(Work order)
Could you set down exactly the lines of the data below, starting at the one that holds "each defined once" and ending at the one that holds "(45.75, -9.55)], flags=17)", both included, and only those?

(Data for the task begins)

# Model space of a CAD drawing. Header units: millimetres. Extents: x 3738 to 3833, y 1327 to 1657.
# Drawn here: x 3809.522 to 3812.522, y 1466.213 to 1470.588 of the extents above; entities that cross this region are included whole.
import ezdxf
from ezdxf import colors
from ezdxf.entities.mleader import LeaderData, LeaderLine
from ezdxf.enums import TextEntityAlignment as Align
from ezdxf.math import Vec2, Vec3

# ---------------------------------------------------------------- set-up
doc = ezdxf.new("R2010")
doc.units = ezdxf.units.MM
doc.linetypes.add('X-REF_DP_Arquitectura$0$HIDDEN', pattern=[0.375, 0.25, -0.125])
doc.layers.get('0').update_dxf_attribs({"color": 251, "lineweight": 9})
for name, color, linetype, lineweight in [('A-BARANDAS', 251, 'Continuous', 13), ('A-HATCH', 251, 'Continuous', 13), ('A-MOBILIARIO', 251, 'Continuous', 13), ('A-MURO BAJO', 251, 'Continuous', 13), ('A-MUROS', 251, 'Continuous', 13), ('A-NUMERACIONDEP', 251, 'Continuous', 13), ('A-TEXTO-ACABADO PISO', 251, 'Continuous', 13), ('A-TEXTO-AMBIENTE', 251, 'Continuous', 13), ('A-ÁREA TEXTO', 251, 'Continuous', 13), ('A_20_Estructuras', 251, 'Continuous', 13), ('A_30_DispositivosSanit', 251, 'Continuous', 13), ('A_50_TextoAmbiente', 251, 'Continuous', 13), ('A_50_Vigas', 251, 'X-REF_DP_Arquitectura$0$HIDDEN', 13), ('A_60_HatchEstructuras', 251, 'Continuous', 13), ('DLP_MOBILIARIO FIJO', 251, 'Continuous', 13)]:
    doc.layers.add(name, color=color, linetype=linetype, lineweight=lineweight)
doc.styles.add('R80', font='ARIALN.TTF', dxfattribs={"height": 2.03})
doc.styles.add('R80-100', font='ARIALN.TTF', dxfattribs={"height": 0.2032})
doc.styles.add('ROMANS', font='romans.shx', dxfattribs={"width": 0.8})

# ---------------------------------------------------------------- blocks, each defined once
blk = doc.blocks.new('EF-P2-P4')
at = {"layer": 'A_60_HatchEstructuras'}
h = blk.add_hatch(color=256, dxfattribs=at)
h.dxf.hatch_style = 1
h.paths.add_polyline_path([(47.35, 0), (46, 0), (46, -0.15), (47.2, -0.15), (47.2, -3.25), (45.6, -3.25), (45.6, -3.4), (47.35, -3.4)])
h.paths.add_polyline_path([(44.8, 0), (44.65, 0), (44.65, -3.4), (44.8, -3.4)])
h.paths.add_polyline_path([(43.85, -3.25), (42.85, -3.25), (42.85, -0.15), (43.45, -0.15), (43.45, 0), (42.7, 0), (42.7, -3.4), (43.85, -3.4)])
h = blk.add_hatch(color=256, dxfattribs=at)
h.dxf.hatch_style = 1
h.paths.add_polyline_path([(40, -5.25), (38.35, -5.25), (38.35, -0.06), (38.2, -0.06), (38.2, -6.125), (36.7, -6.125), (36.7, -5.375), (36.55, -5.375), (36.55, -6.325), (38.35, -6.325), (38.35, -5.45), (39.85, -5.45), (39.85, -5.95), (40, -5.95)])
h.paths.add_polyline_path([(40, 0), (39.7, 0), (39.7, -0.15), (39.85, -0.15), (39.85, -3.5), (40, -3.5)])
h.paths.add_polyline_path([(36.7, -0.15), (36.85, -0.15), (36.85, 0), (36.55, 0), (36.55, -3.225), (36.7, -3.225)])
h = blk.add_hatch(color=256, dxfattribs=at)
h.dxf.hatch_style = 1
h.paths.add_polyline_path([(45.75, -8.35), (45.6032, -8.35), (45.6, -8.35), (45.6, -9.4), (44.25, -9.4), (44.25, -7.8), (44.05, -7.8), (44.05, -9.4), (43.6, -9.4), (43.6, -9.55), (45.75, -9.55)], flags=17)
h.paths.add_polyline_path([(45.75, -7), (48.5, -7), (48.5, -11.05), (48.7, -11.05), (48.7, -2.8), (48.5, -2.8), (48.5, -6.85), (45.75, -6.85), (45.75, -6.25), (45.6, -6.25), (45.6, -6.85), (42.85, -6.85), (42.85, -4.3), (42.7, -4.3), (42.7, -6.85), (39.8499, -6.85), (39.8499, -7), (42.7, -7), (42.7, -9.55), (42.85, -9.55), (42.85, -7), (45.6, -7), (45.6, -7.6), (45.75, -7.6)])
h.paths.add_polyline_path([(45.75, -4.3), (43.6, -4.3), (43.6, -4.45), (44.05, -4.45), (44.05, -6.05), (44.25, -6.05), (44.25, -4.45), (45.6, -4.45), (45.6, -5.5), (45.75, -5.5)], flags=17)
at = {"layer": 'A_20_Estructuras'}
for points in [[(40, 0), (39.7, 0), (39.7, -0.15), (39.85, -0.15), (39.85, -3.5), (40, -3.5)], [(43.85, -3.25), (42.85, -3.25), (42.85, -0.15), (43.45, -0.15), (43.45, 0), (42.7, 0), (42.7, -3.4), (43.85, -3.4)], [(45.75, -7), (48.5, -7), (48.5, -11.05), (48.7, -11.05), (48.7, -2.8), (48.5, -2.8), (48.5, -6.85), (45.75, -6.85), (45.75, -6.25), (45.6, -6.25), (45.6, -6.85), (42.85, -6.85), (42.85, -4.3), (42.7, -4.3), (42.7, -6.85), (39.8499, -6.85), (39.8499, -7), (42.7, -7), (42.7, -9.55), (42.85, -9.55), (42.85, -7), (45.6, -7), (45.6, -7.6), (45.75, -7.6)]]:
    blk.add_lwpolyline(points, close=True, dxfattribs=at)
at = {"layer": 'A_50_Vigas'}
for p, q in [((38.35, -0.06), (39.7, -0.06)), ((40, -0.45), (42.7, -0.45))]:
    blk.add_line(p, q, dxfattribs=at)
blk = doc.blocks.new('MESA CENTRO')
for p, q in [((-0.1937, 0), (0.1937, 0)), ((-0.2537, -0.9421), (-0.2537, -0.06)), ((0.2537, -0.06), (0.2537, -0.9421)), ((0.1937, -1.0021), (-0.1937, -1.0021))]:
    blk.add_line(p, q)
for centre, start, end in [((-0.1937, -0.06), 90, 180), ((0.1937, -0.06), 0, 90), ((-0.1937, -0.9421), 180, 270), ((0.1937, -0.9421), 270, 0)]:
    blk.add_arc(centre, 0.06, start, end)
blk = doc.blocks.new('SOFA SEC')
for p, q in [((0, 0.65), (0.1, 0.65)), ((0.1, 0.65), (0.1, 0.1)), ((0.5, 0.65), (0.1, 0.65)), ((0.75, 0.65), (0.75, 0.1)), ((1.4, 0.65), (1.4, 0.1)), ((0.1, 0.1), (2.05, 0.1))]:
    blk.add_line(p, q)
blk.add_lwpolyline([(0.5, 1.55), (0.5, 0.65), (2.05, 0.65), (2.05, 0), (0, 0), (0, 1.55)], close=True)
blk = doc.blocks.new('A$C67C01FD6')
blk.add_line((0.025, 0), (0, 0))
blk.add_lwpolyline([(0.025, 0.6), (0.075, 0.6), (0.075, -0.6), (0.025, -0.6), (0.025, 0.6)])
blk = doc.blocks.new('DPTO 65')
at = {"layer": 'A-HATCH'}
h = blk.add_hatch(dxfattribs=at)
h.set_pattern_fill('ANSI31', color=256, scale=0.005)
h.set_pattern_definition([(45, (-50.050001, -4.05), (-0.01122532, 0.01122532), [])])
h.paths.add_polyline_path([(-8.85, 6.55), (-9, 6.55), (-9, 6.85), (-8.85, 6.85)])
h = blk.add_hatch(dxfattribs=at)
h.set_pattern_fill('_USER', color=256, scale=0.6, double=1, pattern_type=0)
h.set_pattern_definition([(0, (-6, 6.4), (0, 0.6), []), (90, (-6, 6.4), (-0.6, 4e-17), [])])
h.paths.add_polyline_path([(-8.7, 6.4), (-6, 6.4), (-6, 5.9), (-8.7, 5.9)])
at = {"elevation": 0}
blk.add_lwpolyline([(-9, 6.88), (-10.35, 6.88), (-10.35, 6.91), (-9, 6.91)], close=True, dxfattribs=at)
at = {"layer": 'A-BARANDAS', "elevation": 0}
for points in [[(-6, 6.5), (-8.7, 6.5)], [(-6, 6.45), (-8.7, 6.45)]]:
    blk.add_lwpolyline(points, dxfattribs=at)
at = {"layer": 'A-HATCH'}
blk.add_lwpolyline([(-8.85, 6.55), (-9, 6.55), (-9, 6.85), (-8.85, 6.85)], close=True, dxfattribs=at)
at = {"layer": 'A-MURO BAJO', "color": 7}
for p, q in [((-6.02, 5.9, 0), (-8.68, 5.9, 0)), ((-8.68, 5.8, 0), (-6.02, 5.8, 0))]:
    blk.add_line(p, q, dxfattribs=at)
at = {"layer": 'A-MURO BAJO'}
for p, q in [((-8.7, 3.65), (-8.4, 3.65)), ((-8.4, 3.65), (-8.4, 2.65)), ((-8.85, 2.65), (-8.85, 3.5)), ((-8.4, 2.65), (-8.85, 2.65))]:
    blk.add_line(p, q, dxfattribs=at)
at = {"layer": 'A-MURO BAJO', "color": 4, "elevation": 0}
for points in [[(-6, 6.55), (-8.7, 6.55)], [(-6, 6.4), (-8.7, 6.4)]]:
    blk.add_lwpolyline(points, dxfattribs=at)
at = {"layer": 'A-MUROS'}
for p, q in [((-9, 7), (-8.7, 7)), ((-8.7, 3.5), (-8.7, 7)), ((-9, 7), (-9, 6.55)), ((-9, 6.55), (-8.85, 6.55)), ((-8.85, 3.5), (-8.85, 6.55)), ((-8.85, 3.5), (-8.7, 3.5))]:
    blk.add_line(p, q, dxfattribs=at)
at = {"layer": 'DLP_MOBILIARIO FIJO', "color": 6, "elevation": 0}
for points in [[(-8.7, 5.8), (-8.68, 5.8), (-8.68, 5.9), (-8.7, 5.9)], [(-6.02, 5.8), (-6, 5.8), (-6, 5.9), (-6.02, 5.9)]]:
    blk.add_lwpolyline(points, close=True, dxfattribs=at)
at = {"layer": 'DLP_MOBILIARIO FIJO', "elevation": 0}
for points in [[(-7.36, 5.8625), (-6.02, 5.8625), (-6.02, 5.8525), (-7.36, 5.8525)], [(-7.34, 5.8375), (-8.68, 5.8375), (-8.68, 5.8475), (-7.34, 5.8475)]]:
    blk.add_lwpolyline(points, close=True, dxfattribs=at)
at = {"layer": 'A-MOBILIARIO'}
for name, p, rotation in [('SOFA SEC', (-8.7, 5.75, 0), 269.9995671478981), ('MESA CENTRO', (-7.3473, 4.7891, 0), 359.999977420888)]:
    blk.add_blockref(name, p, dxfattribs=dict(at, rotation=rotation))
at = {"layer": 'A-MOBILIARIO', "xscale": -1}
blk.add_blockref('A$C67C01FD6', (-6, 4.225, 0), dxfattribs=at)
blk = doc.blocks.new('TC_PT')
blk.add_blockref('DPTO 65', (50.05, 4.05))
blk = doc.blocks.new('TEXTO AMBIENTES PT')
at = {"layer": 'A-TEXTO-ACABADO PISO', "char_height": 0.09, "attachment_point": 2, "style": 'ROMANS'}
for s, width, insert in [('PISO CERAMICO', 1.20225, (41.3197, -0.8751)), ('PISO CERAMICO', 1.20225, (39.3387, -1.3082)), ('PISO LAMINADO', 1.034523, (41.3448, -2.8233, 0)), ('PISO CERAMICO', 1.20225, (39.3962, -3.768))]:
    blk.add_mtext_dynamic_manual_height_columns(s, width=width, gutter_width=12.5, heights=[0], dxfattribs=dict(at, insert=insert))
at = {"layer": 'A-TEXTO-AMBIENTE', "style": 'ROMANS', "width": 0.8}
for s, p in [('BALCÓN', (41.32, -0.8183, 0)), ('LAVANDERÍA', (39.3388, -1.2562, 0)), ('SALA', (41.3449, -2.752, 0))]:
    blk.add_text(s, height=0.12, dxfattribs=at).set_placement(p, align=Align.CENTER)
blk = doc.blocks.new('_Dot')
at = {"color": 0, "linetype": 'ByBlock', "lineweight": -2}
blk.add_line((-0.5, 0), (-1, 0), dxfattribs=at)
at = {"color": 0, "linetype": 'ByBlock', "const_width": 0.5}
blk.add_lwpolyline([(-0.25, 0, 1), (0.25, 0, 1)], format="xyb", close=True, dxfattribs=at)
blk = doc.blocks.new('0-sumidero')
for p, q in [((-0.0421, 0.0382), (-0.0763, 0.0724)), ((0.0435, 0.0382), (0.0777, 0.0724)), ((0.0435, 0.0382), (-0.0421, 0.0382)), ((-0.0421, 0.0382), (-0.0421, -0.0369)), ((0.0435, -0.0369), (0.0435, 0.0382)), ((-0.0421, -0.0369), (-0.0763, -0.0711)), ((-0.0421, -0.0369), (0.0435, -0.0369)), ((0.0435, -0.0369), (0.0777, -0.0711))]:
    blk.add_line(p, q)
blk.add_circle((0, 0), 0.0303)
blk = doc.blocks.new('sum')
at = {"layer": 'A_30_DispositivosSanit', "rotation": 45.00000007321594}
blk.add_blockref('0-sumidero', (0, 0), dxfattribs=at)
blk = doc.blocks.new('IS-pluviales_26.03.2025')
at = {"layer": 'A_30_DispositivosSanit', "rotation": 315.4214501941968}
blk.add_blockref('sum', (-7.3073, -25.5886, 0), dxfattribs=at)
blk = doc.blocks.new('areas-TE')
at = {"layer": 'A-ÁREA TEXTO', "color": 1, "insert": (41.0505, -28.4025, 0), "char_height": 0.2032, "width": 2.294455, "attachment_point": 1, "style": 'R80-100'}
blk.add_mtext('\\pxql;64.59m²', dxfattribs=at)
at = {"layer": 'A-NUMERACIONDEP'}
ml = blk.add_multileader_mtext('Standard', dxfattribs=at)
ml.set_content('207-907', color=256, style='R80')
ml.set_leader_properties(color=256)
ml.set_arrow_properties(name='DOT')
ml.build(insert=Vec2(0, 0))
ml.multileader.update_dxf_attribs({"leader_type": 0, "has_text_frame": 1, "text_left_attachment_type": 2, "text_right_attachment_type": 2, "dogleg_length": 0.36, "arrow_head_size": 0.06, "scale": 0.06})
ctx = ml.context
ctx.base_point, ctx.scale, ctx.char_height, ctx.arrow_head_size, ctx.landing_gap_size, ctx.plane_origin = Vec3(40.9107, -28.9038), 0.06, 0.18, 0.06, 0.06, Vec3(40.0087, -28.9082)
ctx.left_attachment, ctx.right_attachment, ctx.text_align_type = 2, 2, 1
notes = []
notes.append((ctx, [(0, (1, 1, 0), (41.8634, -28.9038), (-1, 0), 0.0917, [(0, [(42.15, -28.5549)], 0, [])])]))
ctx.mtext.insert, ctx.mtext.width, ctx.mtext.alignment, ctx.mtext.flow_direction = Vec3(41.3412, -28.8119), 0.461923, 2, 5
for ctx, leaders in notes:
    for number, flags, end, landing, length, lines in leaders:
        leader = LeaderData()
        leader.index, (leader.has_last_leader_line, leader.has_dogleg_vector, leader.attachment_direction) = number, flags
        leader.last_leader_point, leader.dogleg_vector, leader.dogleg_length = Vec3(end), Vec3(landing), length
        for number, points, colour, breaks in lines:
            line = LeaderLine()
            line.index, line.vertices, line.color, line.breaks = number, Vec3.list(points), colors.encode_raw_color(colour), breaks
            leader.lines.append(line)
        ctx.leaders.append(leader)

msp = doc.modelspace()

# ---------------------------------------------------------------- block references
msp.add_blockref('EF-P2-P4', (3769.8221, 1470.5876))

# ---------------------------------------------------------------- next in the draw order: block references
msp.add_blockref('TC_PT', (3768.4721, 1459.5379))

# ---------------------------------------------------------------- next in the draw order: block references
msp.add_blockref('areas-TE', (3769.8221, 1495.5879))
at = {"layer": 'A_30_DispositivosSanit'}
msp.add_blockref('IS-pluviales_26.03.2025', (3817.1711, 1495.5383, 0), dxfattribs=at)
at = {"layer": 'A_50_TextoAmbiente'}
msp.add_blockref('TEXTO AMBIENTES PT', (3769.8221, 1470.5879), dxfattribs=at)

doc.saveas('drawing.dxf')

(Data for the task ends)

(Finished task)
# ---------------------------------------------------------------- blocks, each defined once
blk = doc.blocks.new('EF-P2-P4')
at = {"layer": 'A_60_HatchEstructuras'}
h = blk.add_hatch(color=256, dxfattribs=at)
h.dxf.hatch_style = 1
h.paths.add_polyline_path([(47.35, 0), (46, 0), (46, -0.15), (47.2, -0.15), (47.2, -3.25), (45.6, -3.25), (45.6, -3.4), (47.35, -3.4)])
h.paths.add_polyline_path([(44.8, 0), (44.65, 0), (44.65, -3.4), (44.8, -3.4)])
h.paths.add_polyline_path([(43.85, -3.25), (42.85, -3.25), (42.85, -0.15), (43.45, -0.15), (43.45, 0), (42.7, 0), (42.7, -3.4), (43.85, -3.4)])
h = blk.add_hatch(color=256, dxfattribs=at)
h.dxf.hatch_style = 1
h.paths.add_polyline_path([(40, -5.25), (38.35, -5.25), (38.35, -0.06), (38.2, -0.06), (38.2, -6.125), (36.7, -6.125), (36.7, -5.375), (36.55, -5.375), (36.55, -6.325), (38.35, -6.325), (38.35, -5.45), (39.85, -5.45), (39.85, -5.95), (40, -5.95)])
h.paths.add_polyline_path([(40, 0), (39.7, 0), (39.7, -0.15), (39.85, -0.15), (39.85, -3.5), (40, -3.5)])
h.paths.add_polyline_path([(36.7, -0.15), (36.85, -0.15), (36.85, 0), (36.55, 0), (36.55, -3.225), (36.7, -3.225)])
h = blk.add_hatch(color=256, dxfattribs=at)
h.dxf.hatch_style = 1
h.paths.add_polyline_path([(45.75, -8.35), (45.6032, -8.35), (45.6, -8.35), (45.6, -9.4), (44.25, -9.4), (44.25, -7.8), (44.05, -7.8), (44.05, -9.4), (43.6, -9.4), (43.6, -9.55), (45.75, -9.55)], flags=17)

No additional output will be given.